▶ _Prompt_: In the data below, find each line carrying the string "Transport" and copy it out.
Dataset entries START
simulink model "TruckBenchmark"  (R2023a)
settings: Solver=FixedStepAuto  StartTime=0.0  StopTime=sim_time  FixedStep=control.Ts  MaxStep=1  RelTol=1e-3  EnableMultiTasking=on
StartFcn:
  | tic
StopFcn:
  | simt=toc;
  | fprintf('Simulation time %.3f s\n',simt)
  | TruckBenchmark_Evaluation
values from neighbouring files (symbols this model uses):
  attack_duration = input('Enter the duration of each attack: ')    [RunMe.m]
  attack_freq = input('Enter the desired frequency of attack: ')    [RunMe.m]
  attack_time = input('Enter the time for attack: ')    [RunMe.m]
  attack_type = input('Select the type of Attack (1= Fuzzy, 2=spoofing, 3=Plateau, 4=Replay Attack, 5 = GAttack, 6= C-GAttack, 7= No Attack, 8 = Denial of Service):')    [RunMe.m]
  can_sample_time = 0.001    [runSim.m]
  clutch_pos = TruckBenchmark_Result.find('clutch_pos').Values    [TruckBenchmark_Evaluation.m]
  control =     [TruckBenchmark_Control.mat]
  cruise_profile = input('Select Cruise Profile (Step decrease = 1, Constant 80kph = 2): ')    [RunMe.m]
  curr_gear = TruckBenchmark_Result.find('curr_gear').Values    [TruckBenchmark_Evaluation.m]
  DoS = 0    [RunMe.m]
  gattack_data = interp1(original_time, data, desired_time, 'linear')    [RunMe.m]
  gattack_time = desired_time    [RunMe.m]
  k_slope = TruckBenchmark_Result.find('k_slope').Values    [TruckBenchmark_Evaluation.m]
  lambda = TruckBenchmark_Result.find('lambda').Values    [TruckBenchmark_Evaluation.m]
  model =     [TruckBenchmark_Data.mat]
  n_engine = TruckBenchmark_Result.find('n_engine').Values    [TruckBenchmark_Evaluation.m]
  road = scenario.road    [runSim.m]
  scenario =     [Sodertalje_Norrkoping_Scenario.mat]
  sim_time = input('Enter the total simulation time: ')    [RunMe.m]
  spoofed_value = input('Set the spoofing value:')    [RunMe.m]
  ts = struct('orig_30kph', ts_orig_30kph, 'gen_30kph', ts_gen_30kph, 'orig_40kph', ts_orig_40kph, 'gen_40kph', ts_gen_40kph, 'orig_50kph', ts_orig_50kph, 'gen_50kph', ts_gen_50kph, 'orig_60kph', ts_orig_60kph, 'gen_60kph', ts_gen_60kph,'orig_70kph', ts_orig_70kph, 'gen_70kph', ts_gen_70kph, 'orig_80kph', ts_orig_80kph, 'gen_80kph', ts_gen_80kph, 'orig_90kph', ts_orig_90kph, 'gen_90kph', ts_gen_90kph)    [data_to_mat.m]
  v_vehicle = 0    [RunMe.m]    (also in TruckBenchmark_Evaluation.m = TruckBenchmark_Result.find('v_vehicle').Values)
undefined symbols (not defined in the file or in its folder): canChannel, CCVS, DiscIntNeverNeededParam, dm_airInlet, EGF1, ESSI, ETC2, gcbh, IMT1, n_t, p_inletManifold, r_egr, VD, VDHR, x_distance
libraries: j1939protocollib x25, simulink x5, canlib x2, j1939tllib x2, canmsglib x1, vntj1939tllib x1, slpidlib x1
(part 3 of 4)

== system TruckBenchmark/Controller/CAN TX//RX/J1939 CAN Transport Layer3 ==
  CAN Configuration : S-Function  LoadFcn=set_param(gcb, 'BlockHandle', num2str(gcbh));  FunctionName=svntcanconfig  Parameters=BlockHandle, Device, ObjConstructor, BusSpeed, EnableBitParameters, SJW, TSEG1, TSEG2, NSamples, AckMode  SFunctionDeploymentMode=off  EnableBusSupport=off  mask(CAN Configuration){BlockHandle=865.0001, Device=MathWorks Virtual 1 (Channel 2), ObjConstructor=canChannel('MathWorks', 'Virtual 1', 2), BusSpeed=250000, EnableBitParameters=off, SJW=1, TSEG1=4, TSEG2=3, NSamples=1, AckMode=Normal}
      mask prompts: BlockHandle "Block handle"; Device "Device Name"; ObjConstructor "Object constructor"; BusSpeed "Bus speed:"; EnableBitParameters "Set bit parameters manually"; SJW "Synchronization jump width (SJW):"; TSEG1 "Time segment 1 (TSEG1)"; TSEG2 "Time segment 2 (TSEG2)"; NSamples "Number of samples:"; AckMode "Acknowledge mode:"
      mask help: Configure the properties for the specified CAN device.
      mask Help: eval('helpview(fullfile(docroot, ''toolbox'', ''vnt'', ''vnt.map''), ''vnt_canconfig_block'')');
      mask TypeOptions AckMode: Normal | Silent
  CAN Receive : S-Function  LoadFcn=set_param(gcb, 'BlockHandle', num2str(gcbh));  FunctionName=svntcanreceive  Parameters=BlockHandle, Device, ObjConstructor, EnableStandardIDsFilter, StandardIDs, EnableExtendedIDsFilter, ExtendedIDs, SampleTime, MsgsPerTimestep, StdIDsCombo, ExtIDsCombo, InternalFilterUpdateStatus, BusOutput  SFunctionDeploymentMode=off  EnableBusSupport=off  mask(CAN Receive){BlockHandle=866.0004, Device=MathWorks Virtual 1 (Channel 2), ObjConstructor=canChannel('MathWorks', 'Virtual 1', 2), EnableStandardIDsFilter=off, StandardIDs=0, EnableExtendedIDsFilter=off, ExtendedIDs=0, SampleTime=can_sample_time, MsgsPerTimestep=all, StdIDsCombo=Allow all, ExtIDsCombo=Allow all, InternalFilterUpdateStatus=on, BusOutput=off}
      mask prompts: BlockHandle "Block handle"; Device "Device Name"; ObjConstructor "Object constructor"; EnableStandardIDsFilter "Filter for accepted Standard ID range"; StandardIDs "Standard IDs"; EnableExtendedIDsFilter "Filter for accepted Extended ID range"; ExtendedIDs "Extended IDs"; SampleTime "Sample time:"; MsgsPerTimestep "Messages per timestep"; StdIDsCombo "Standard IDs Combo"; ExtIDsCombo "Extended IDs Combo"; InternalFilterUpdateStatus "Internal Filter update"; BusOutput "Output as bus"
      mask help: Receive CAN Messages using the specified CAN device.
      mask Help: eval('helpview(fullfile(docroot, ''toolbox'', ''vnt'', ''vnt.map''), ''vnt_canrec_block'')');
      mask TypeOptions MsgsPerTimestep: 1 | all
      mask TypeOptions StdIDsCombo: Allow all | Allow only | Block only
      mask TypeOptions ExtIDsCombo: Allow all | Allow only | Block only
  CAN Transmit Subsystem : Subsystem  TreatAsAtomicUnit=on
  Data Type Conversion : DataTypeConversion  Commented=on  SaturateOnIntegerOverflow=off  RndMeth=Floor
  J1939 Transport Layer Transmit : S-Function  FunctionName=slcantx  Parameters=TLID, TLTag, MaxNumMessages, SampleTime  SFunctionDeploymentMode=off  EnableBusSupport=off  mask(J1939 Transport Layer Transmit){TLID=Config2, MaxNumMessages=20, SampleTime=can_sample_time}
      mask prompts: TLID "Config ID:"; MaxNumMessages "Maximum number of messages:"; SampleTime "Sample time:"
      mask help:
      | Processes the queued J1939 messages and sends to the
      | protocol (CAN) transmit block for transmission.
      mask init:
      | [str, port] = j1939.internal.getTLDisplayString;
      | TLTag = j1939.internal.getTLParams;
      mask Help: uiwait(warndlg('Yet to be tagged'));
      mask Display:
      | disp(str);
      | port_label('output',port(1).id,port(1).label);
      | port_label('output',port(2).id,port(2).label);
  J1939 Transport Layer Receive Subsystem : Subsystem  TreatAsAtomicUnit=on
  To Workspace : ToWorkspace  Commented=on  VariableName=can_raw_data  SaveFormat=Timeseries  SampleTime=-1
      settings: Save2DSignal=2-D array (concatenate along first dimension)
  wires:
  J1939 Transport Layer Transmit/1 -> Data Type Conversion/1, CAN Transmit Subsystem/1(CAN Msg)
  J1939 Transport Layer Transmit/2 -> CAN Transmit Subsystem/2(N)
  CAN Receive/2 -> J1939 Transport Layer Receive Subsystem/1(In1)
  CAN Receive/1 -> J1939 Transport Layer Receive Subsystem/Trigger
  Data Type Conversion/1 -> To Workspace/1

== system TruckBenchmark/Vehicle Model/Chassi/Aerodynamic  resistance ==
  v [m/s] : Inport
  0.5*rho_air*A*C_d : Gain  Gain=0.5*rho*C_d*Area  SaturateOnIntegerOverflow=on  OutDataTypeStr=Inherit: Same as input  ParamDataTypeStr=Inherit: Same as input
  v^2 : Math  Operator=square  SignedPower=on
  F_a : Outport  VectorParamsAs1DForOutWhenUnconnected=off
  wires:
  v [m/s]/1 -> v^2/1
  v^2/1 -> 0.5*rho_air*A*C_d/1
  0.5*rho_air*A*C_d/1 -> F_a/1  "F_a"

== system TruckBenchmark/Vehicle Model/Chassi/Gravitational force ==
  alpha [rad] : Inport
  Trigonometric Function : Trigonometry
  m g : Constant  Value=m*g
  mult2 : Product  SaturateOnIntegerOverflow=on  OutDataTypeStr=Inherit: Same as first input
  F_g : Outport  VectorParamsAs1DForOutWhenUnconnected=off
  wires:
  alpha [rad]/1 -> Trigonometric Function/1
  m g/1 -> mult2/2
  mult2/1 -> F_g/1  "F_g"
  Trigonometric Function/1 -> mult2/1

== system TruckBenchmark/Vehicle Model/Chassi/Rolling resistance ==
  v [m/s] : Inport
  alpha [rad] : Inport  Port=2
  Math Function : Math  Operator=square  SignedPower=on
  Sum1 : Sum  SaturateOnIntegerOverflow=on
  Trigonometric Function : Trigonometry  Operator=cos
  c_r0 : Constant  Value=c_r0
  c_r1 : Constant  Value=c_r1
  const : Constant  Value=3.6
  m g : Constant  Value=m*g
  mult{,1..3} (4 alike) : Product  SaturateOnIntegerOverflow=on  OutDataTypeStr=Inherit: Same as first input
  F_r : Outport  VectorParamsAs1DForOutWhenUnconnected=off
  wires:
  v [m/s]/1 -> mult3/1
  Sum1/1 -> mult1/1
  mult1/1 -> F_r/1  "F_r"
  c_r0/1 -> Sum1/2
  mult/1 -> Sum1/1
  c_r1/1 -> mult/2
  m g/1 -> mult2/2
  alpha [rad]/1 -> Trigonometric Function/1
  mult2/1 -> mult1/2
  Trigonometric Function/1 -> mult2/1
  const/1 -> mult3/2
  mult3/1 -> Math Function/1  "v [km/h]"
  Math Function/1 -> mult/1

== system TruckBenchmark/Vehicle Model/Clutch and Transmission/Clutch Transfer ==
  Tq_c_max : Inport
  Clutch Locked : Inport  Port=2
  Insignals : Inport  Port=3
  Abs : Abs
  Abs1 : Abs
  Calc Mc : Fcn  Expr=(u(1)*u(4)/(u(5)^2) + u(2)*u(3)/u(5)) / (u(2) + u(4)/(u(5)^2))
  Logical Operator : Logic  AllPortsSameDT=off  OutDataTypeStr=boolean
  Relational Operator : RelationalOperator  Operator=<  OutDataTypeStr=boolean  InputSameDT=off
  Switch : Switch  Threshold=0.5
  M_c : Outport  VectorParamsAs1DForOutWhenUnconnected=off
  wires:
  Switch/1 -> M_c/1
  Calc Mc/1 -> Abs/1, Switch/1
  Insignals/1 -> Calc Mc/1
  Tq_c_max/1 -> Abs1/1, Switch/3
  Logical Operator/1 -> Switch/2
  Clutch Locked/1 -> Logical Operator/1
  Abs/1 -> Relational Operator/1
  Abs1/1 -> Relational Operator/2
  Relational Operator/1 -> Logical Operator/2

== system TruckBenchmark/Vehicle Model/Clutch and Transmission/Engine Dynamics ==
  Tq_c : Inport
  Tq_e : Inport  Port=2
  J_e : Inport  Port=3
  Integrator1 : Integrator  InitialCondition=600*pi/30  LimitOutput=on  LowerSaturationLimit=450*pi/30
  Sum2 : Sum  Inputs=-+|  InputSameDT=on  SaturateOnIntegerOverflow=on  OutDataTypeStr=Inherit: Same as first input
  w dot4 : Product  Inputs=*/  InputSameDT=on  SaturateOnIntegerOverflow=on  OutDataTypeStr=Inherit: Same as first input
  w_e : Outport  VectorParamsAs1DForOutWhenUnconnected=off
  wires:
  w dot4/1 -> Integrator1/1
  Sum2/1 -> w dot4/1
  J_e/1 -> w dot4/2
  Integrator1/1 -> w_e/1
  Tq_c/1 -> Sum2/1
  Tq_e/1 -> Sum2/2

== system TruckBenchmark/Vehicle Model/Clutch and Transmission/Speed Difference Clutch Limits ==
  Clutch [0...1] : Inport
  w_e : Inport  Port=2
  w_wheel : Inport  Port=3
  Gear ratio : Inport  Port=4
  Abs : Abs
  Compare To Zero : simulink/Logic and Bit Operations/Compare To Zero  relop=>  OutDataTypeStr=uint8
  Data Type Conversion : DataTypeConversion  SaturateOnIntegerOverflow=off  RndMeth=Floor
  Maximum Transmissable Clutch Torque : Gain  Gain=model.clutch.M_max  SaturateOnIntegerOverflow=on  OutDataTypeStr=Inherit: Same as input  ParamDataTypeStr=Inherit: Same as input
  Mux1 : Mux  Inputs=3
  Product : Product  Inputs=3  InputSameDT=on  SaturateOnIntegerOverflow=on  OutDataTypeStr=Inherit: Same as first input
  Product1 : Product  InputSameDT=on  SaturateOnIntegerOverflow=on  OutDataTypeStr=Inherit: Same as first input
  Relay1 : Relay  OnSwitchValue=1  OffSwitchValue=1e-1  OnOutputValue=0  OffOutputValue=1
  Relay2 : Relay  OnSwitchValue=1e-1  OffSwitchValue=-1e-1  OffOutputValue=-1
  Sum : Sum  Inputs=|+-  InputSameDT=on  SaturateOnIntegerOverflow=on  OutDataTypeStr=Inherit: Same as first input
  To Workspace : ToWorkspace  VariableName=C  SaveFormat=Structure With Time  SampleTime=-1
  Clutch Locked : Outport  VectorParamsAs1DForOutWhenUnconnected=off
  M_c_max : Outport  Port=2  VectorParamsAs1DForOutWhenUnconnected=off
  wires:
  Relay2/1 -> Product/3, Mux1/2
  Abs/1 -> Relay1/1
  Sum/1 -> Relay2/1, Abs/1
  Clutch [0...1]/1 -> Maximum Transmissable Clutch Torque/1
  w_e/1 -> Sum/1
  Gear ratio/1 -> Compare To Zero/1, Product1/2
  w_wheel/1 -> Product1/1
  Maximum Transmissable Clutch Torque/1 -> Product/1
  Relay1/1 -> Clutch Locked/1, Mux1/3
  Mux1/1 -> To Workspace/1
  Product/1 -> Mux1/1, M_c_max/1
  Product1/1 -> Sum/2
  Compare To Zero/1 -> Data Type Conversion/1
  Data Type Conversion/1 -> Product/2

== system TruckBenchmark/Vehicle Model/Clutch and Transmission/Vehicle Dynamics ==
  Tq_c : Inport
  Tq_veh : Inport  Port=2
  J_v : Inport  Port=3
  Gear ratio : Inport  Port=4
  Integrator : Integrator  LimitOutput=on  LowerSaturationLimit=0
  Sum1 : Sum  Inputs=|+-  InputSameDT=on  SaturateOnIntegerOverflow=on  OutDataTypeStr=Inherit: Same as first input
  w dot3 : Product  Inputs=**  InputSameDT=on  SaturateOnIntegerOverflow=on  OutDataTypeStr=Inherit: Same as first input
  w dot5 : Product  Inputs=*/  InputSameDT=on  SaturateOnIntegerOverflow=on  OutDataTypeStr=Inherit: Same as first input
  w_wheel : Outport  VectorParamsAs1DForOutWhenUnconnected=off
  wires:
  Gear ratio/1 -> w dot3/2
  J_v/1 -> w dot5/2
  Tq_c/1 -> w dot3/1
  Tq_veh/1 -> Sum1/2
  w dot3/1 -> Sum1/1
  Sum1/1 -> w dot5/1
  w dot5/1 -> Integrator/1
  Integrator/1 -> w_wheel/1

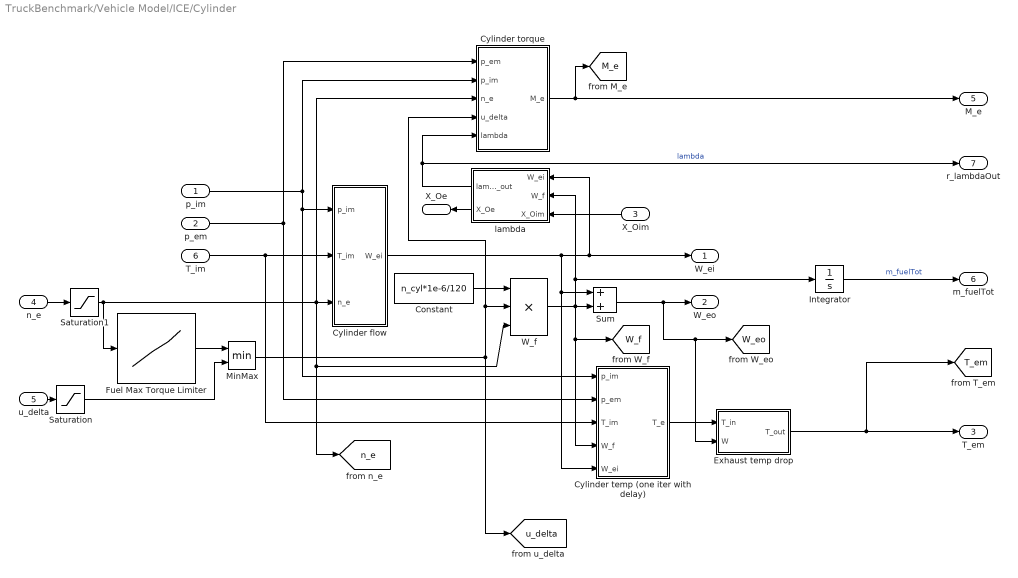
== system TruckBenchmark/Vehicle Model/ICE/Cylinder ==
  p_im : Inport
  p_em : Inport  Port=2
  X_Oim : Inport  Port=3
  n_e : Inport  Port=4
  u_delta : Inport  Port=5
  T_im : Inport  Port=6
  Constant : Constant  Value=n_cyl*1e-6/120
  Cylinder flow : Subsystem  mask{c_volVec=model.engine.c_volVec}
  Cylinder temp (one iter with delay) : Subsystem  mask{x_cv=model.engine.x_cv, eta_sc=model.engine.eta_sc, x_r_Init=model.engine.x_r_Init, T_1_Init=model.engine.T_1_Init}
  Cylinder torque : Subsystem  mask{c_fricVec=model.engine.c_fricVec, eta_igch=model.engine.eta_igch, gamma_c=model.engine.gamma_c}
  Exhaust temp drop : Subsystem  mask{h_tot=model.engine.h_tot, n_pipe=model.engine.n_pipe, l_pipe=model.engine.l_pipe, d_pipe=model.engine.d_pipe, T_w=model.engine.T_w}
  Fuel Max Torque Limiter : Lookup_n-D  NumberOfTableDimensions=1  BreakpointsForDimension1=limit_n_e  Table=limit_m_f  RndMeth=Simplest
Dataset entries END
▶ _Problem solution_:
== system TruckBenchmark/Controller/CAN TX//RX/J1939 CAN Transport Layer3 ==
  J1939 Transport Layer Transmit : S-Function  FunctionName=slcantx  Parameters=TLID, TLTag, MaxNumMessages, SampleTime  SFunctionDeploymentMode=off  EnableBusSupport=off  mask(J1939 Transport Layer Transmit){TLID=Config2, MaxNumMessages=20, SampleTime=can_sample_time}
  J1939 Transport Layer Receive Subsystem : Subsystem  TreatAsAtomicUnit=on
  J1939 Transport Layer Transmit/1 -> Data Type Conversion/1, CAN Transmit Subsystem/1(CAN Msg)
  J1939 Transport Layer Transmit/2 -> CAN Transmit Subsystem/2(N)
  CAN Receive/2 -> J1939 Transport Layer Receive Subsystem/1(In1)
  CAN Receive/1 -> J1939 Transport Layer Receive Subsystem/Trigger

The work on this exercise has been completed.